Talk to your student about a time when you needed the comfort of God. Ask your students why it is important that we know that God the Father knows all.

Week 2 (December 16, 2012)

As crazy as it might sound, Jesus was fully human and fully God.  He grew up like all of us. He ate, slept, and did chores like any other person.  However, he is also fully God.  He is the Son of God, and will reign forever.  This is great news for us, because Jesus is God who knows exactly what it is like to be human.  He knows what it is like to live and have to face tough decisions everyday.  Jesus is the part of God that knows what we are experiencing in our lives.  The work of Jesus on the cross makes it possible for us to have a relationship with God.  We want all our students to know that whenever they face a tough situation, they are not alone.  Not only does God know what is going on, but Jesus can relate to you because he has been there too.

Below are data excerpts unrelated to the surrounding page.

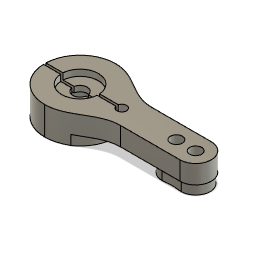
assembled new design (Autodesk Fusion 360 archive; units mm, degrees)
design "servo connector"
Autodesk Fusion 360 part; units mm, degrees
sketch "Sketch1" plane through (0, 0, 0) normal (0, 1, 0) x (1, 0, 0)
  circle A0 centre (0, 0) radius 7.35
  line L0 (0, -3.25) -> (24, -3.25)
  arc A1 (24, -3.25) -> (24, 3.25) centre (24, 0) ccw
  line L1 (24, 3.25) -> (0, 3.25)
  arc A2 (0, 3.25) -> (0, -3.25) centre (0, 0) ccw
  line L2 (0, 0) -> (24, 0) construction
  line L3 (-7.35, 0) -> (11.65, 0) construction
  line L4 (11.65, 0) -> (11.65, 3.25) construction
  circle A3 centre (24, 0) radius 1.25
  circle A4 centre (20, 0) radius 1.25
  spline S0 degree 5 poles (11.65, 3.25) (11.1355, 3.25) (10.1313, 3.3337) (8.6992, 3.7102) (6.9088, 4.6153) (4.7412, 5.9847) (2.9508, 6.8898) (1.5187, 7.2663) (0.5145, 7.35) (0, 7.35) knots 0 0 0 0 0 0 0.2 0.4 0.6 0.8 1 1 1 1 1 1
  line L5 (0, 7.35) -> (0, 0) construction
  spline S1 degree 5 poles (11.65, -3.25) (11.1355, -3.25) (10.1313, -3.3337) (8.6992, -3.7102) (6.9088, -4.6153) (4.7412, -5.9847) (2.9508, -6.8898) (1.5187, -7.2663) (0.5145, -7.35) (0, -7.35) knots 0 0 0 0 0 0 0.2 0.4 0.6 0.8 1 1 1 1 1 1
  line L6 (12.9681, 3.25) -> (10.3319, 3.25)
  line L7 (1.3181, 7.35) -> (-1.3181, 7.35)
  line L8 (12.9681, -3.25) -> (10.3319, -3.25)
  line L9 (1.3181, -7.35) -> (-1.3181, -7.35)
  circle A5 centre (0, 0) radius 1.5
  line L10 (-7.35, 0) -> (8.65, 0) construction
  circle A6 centre (8.65, 0) radius 1
  line L11 (8.65, 0.25) -> (-8, 0.25)
  arc A7 (-8, 0.25) -> (-8, -0.25) centre (-8, 0) ccw
  line L12 (-8, -0.25) -> (8.65, -0.25)
  arc A8 (8.65, -0.25) -> (8.65, 0.25) centre (8.65, 0) ccw
  line L13 (8.65, 0) -> (-8, 0) construction
  dimension "d1" = 14.7
  dimension "d4" = 24
  dimension "d5" = 6.5
  dimension "d6" = 19
  dimension "d7" = 4
  dimension "d8" = 2.5
  dimension "d9" = 2.5
  dimension "d10" = 3
  dimension "d11" = 16
  dimension "d12" = 2
  dimension "d15" = 0.5
  constraint coincident A0.centre A2.centre
  constraint tangent L0 A1
  constraint tangent A1 L1
  constraint parallel L0 L1
  constraint tangent L1 A2
  constraint tangent L0 A2
  constraint horizontal L2
  constraint coincident A0 L3.start
  constraint parallel L2 L3
  constraint coincident L1 L4.end
  constraint perpendicular L1 L4
  constraint concentric A1 A3
  constraint coincident L2 A4.centre
  constraint coincident A0 S0.end
  constraint perpendicular L3 L5
  constraint coincident S0.end L5.start
  constraint tangent A0 S0
  constraint midpoint L4.end L6
  constraint midpoint S0.end L7
  constraint symmetric L3 L4.end S1.start
  constraint symmetric L3 S0.end S1.end
  constraint symmetric L3 L6.start L8.start
  constraint symmetric L3 L6.end L8.end
  constraint symmetric L3 L7.start L9.start
  constraint symmetric L3 L7.end L9.end
  constraint perpendicular L4 L10
  constraint coincident L10.end A6.centre
  constraint tangent L11 A7
  constraint tangent A7 L12
  constraint parallel L11 L12
  constraint tangent L12 A8
  constraint tangent L11 A8
  constraint parallel L3 L13
  measures "d1" diameter of A0
  measures "d4" distance of A0.centre A1.centre
  measures "d5" diameter of A1
  measures "d6" distance of L3.start L3.end
  measures "d7" distance of A1.centre A4.centre
  measures "d8" diameter of A4
  measures "d9" diameter of A3
  measures "d10" diameter of A5
  measures "d11" distance of L3.start L10.end
  measures "d12" diameter of A6
  measures "d15" diameter of A7
extrude "Extrude1" add sketch "Sketch1" along normal blind 5.85 contours A0 L1 A2 A5 L11 | A0 L0 A1 L1 L6 L8 A6 L11 L12 | A0 L0 A2 A5 L12 | A0 L0 A2 L12 | A0 L1 A2 L11 | A0 L1 S0 L6 | A0 L0 S1 L8
sketch "Sketch2" plane through (0, 5.85, 0) normal (0, 1, 0) x (-1, 0, 0)
  circle A0 centre (-20, 0) radius 1.25
  circle A1 centre (-24, 0) radius 1.25
  line L0 (1.479, 0.25) -> (7.3457, 0.25)
  arc A2 (7.3457, 0.25) -> (0, 7.35) centre (0, 0) ccw
  spline S0 degree 5 poles (0, 7.35) (-0.5145, 7.35) (-1.5187, 7.2663) (-2.9508, 6.8898) (-4.7412, 5.9847) (-6.9088, 4.6153) (-8.6992, 3.7102) (-10.1313, 3.3337) (-11.1355, 3.25) (-11.65, 3.25) knots -1 -1 -1 -1 -1 -1 -0.8 -0.6 -0.4 -0.2 0 0 0 0 0 0
  line L1 (-11.65, 3.25) -> (-24, 3.25)
  arc A3 (-24, 3.25) -> (-24, -3.25) centre (-24, 0) ccw
  line L2 (-24, -3.25) -> (-11.65, -3.25)
  spline S1 degree 5 poles (-11.65, -3.25) (-11.1355, -3.25) (-10.1313, -3.3337) (-8.6992, -3.7102) (-6.9088, -4.6153) (-4.7412, -5.9847) (-2.9508, -6.8898) (-1.5187, -7.2663) (-0.5145, -7.35) (0, -7.35) knots 0 0 0 0 0 0 0.2 0.4 0.6 0.8 1 1 1 1 1 1
  arc A4 (0, -7.35) -> (7.3457, -0.25) centre (0, 0) ccw
  line L3 (7.3457, -0.25) -> (1.479, -0.25)
  arc A5 (-1.479, -0.25) -> (1.479, -0.25) centre (0, 0) ccw
  line L4 (-1.479, -0.25) -> (-7.6818, -0.25)
  arc A6 (-7.6818, 0.25) -> (-7.6818, -0.25) centre (-8.65, 0) ccw
  line L5 (-7.6818, 0.25) -> (-1.479, 0.25)
  arc A7 (1.479, 0.25) -> (-1.479, 0.25) centre (0, 0) ccw
  circle A8 centre (0, 0) radius 3.8
  dimension "d16" = 7.6
  constraint concentric A2 A8
  measures "d16" diameter of A8
extrude "Extrude2" cut sketch "Sketch2" against normal blind 1.3 contours L0 L5 A7 A8 | L3 A5 L4 A8
sketch "Sketch3" plane through (0, 0, 0) normal (0, -1, 0) x (1, 0, 0)
  circle A0 centre (20, 0) radius 1.25
  circle A1 centre (24, 0) radius 1.25
  line L0 (-7.3457, 0.25) -> (-1.479, 0.25)
  arc A2 (1.479, 0.25) -> (-1.479, 0.25) centre (0, 0) ccw
  line L1 (1.479, 0.25) -> (7.6818, 0.25)
  arc A3 (7.6818, -0.25) -> (7.6818, 0.25) centre (8.65, 0) ccw
  line L2 (7.6818, -0.25) -> (1.479, -0.25)
  arc A4 (-1.479, -0.25) -> (1.479, -0.25) centre (0, 0) ccw
  line L3 (-1.479, -0.25) -> (-7.3457, -0.25)
  arc A5 (-7.3457, -0.25) -> (0, -7.35) centre (0, 0) ccw
  spline S0 degree 5 poles (11.65, -3.25) (11.1355, -3.25) (10.1313, -3.3337) (8.6992, -3.7102) (6.9088, -4.6153) (4.7412, -5.9847) (2.9508, -6.8898) (1.5187, -7.2663) (0.5145, -7.35) (0, -7.35) knots 0 0 0 0 0 0 0.2 0.4 0.6 0.8 1 1 1 1 1 1
  line L4 (11.65, -3.25) -> (24, -3.25)
  arc A6 (24, -3.25) -> (24, 3.25) centre (24, 0) ccw
  line L5 (24, 3.25) -> (11.65, 3.25)
  spline S1 degree 5 poles (11.65, 3.25) (11.1355, 3.25) (10.1313, 3.3337) (8.6992, 3.7102) (6.9088, 4.6153) (4.7412, 5.9847) (2.9508, 6.8898) (1.5187, 7.2663) (0.5145, 7.35) (0, 7.35) knots 0 0 0 0 0 0 0.2 0.4 0.6 0.8 1 1 1 1 1 1
  arc A7 (0, 7.35) -> (-7.3457, 0.25) centre (0, 0) ccw
  circle A8 centre (0, 0) radius 2.95
  dimension "d19" = 5.9
  constraint concentric A2 A8
  measures "d19" diameter of A8
extrude "Extrude3" cut sketch "Sketch3" against normal blind 3.4 contours L0 A2 L1 A8 | L2 A4 L3 A8
sketch "Sketch4" plane through (0, 0, 0) normal (0, -1, 0) x (1, 0, 0)
  arc A0 (2.9394, 0.25) -> (-2.9394, 0.25) centre (0, 0) ccw
  line L0 (2.9394, 0.25) -> (7.6818, 0.25)
  arc A1 (7.6818, -0.25) -> (7.6818, 0.25) centre (8.65, 0) ccw
  line L1 (7.6818, -0.25) -> (2.9394, -0.25)
  arc A2 (-2.9394, -0.25) -> (2.9394, -0.25) centre (0, 0) ccw
  line L2 (-2.9394, -0.25) -> (-7.3457, -0.25)
  arc A3 (-7.3457, -0.25) -> (0, -7.35) centre (0, 0) ccw
  spline S0 degree 5 poles (11.65, -3.25) (11.1355, -3.25) (10.1313, -3.3337) (8.6992, -3.7102) (6.9088, -4.6153) (4.7412, -5.9847) (2.9508, -6.8898) (1.5187, -7.2663) (0.5145, -7.35) (0, -7.35) knots 0 0 0 0 0 0 0.2 0.4 0.6 0.8 1 1 1 1 1 1
  line L3 (11.65, -3.25) -> (24, -3.25)
  arc A4 (24, -3.25) -> (24, 3.25) centre (24, 0) ccw
  line L4 (24, 3.25) -> (11.65, 3.25)
  spline S1 degree 5 poles (11.65, 3.25) (11.1355, 3.25) (10.1313, 3.3337) (8.6992, 3.7102) (6.9088, 4.6153) (4.7412, 5.9847) (2.9508, 6.8898) (1.5187, 7.2663) (0.5145, 7.35) (0, 7.35) knots 0 0 0 0 0 0 0.2 0.4 0.6 0.8 1 1 1 1 1 1
  arc A5 (0, 7.35) -> (-7.3457, 0.25) centre (0, 0) ccw
  line L5 (-7.3457, 0.25) -> (-2.9394, 0.25)
  circle A6 centre (24, 0) radius 1.25
  circle A7 centre (20, 0) radius 1.25
  circle A8 centre (0, 0) radius 7.5
  circle A9 centre (20, 0) radius 1.25
  circle A10 centre (24, 0) radius 1.25
  circle A11 centre (20, 0) radius 3
  circle A12 centre (24, 0) radius 3
  line L6 (20, 0) -> (20, 3) construction
  line L7 (24, 0) -> (24, 3) construction
  line L8 (22, 2.2361) -> (22, 2.8361) construction
  spline S2 degree 5 poles (20, 3) (20.0835, 3) (20.2496, 2.9967) (20.496, 2.9819) (20.8196, 2.9457) (21.2171, 2.8903) (21.6098, 2.8451) (22, 2.8273) (22.3902, 2.8451) (22.7829, 2.8903) (23.1804, 2.9457) (23.504, 2.9819) (23.7504, 2.9967) (23.9165, 3) (24, 3) knots 0 0 0 0 0 0 0.1 0.2 0.3 0.4 0.5 0.6 0.7 0.8 0.9 1 1 1 1 1 1
  line L9 (20, 0) -> (24, 0) construction
  spline S3 degree 5 poles (20, -3) (20.0835, -3) (20.2496, -2.9967) (20.496, -2.9819) (20.8196, -2.9457) (21.2171, -2.8903) (21.6098, -2.8451) (22, -2.8273) (22.3902, -2.8451) (22.7829, -2.8903) (23.1804, -2.9457) (23.504, -2.9819) (23.7504, -2.9967) (23.9165, -3) (24, -3) knots 0 0 0 0 0 0 0.1 0.2 0.3 0.4 0.5 0.6 0.7 0.8 0.9 1 1 1 1 1 1
  line L10 (19.576, 3) -> (20.424, 3)
  line L11 (23.576, 3) -> (24.424, 3)
  line L12 (19.576, -3) -> (20.424, -3)
  line L13 (23.576, -3) -> (24.424, -3)
  point P0 (22, -2.8361)
  dimension "d22" = 1.75
  dimension "d23" = 1.75
  dimension "d24" = 0.6
  dimension "d27" = 15
  constraint concentric A0 A8
  constraint coincident A7.centre A9.centre
  constraint coincident A11 L6.end
  constraint vertical L6
  constraint coincident A4.centre A6.centre
  constraint coincident A12 L7.end
  constraint vertical L7
  constraint coincident A11 L8.start
  constraint coincident A12 L8.start
  constraint vertical L8
  constraint tangent A11 S2
  constraint tangent A12 S2
  constraint midpoint L6.end L10
  constraint midpoint L7.end L11
  constraint symmetric L6.end L9 S3.start
  constraint symmetric L7.end L9 S3.end
  constraint symmetric L8.end L9 P0
  constraint symmetric L9 L10.start L12.start
  constraint symmetric L9 L10.end L12.end
  constraint symmetric L9 L11.start L13.start
  constraint symmetric L9 L11.end L13.end
  measures "d24" distance of L8.start L8.end
  measures "d27" diameter of A8
extrude "Extrude4" cut sketch "Sketch4" against normal blind 2 contours L0 A1 L1 S0 L3 A4 L4 S1 A8

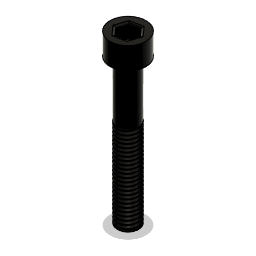
design "M6 45mmm"
Autodesk Fusion 360 part; units mm, degrees
sketch "Sketch1" plane through (0, 0, 0) normal (0, 1, 0) x (1, 0, 0)
  circle A0 centre (0, 0) radius 2.95
  dimension "d1" = 5.9
  constraint coincident A0.centre origin
  measures "d1" diameter of A0
extrude "Extrude1" add sketch "Sketch1" along normal blind 45.5
sketch "Sketch2" plane through (0, 45.5, 0) normal (0, 1, 0) x (-1, 0, 0)
  circle A0 centre (0, 0) radius 2.95
  circle A1 centre (0, 0) radius 4.875
  dimension "d4" = 9.75
  constraint coincident A0.centre A1.centre
  measures "d4" diameter of A1
extrude "Extrude2" add sketch "Sketch2" against normal blind 5.9
sketch "Sketch3" plane through (0, 45.5, 0) normal (0, 1, 0) x (-1, 0, 0)
  circle A0 centre (0, 0) radius 4.875
  line L0 (-2.8282, -0.5783) -> (-0.9133, -2.7385)
  line L1 (-0.9133, -2.7385) -> (1.9149, -2.1602)
  line L2 (1.9149, -2.1602) -> (2.8282, 0.5783)
  line L3 (2.8282, 0.5783) -> (0.9133, 2.7385)
  line L4 (0.9133, 2.7385) -> (-1.9149, 2.1602)
  line L5 (-1.9149, 2.1602) -> (-2.8282, -0.5783)
  dimension "d7" = 2.5
  constraint coincident A0.centre origin
  measures "d7" distance of A0.centre L5
extrude "Extrude3" cut sketch "Sketch3" against normal blind 3.85 contours L0 L1 L2 L3 L4 L5
fillet "Fillet1" radius 0.5 6 edges at (-2.3716, 45.5, -0.791) (-1.8708, 45.5, 1.6584) (0.5008, 45.5, 2.4493) (2.3716, 45.5, 0.791) (1.8708, 45.5, -1.6584) (-0.5008, 45.5, -2.4493)
fillet "Fillet1" radius 0.5 1 edges at (-2.7504, 0, 1.0668)
thread "Thread1" "ISO Metric profile 6.0 M6x1 6g" major diameter 5.884 minor diameter 4.7435 pitch 1 angle 60 modelled right hand crest width 0.1444 on face at (2.9463, 26.5667, 0.147) from (0, 0.5, 0) to (0, 24.5, 0) crest through (2.942, 0.25, 0)

Ask your student why it is important to know that Jesus was fully human and fully God.

Week 3 (December 23, 2012)

Over the last two weeks, we have talked about God the Father, and Jesus the Son of God.  This week, we are looking at what might be the hardest part of the nature of God to understand, the Holy Spirit.  The presence of the Holy Spirit is found several times in the Old Testament, including in the life of Moses and the builders of the temple.  The New Testament tells us that since the death and resurrection of Christ, the Spirit dwells within believers.  The Spirit has many jobs, but this week we want to talk about how the Spirit serves to reveal truth and motivate us to action.  The Holy Spirit helps us to discern what God is communicating to us as we read the Bible.  The Holy Spirit is the part of God that leads us and inspires us to grow in our relationship with Jesus.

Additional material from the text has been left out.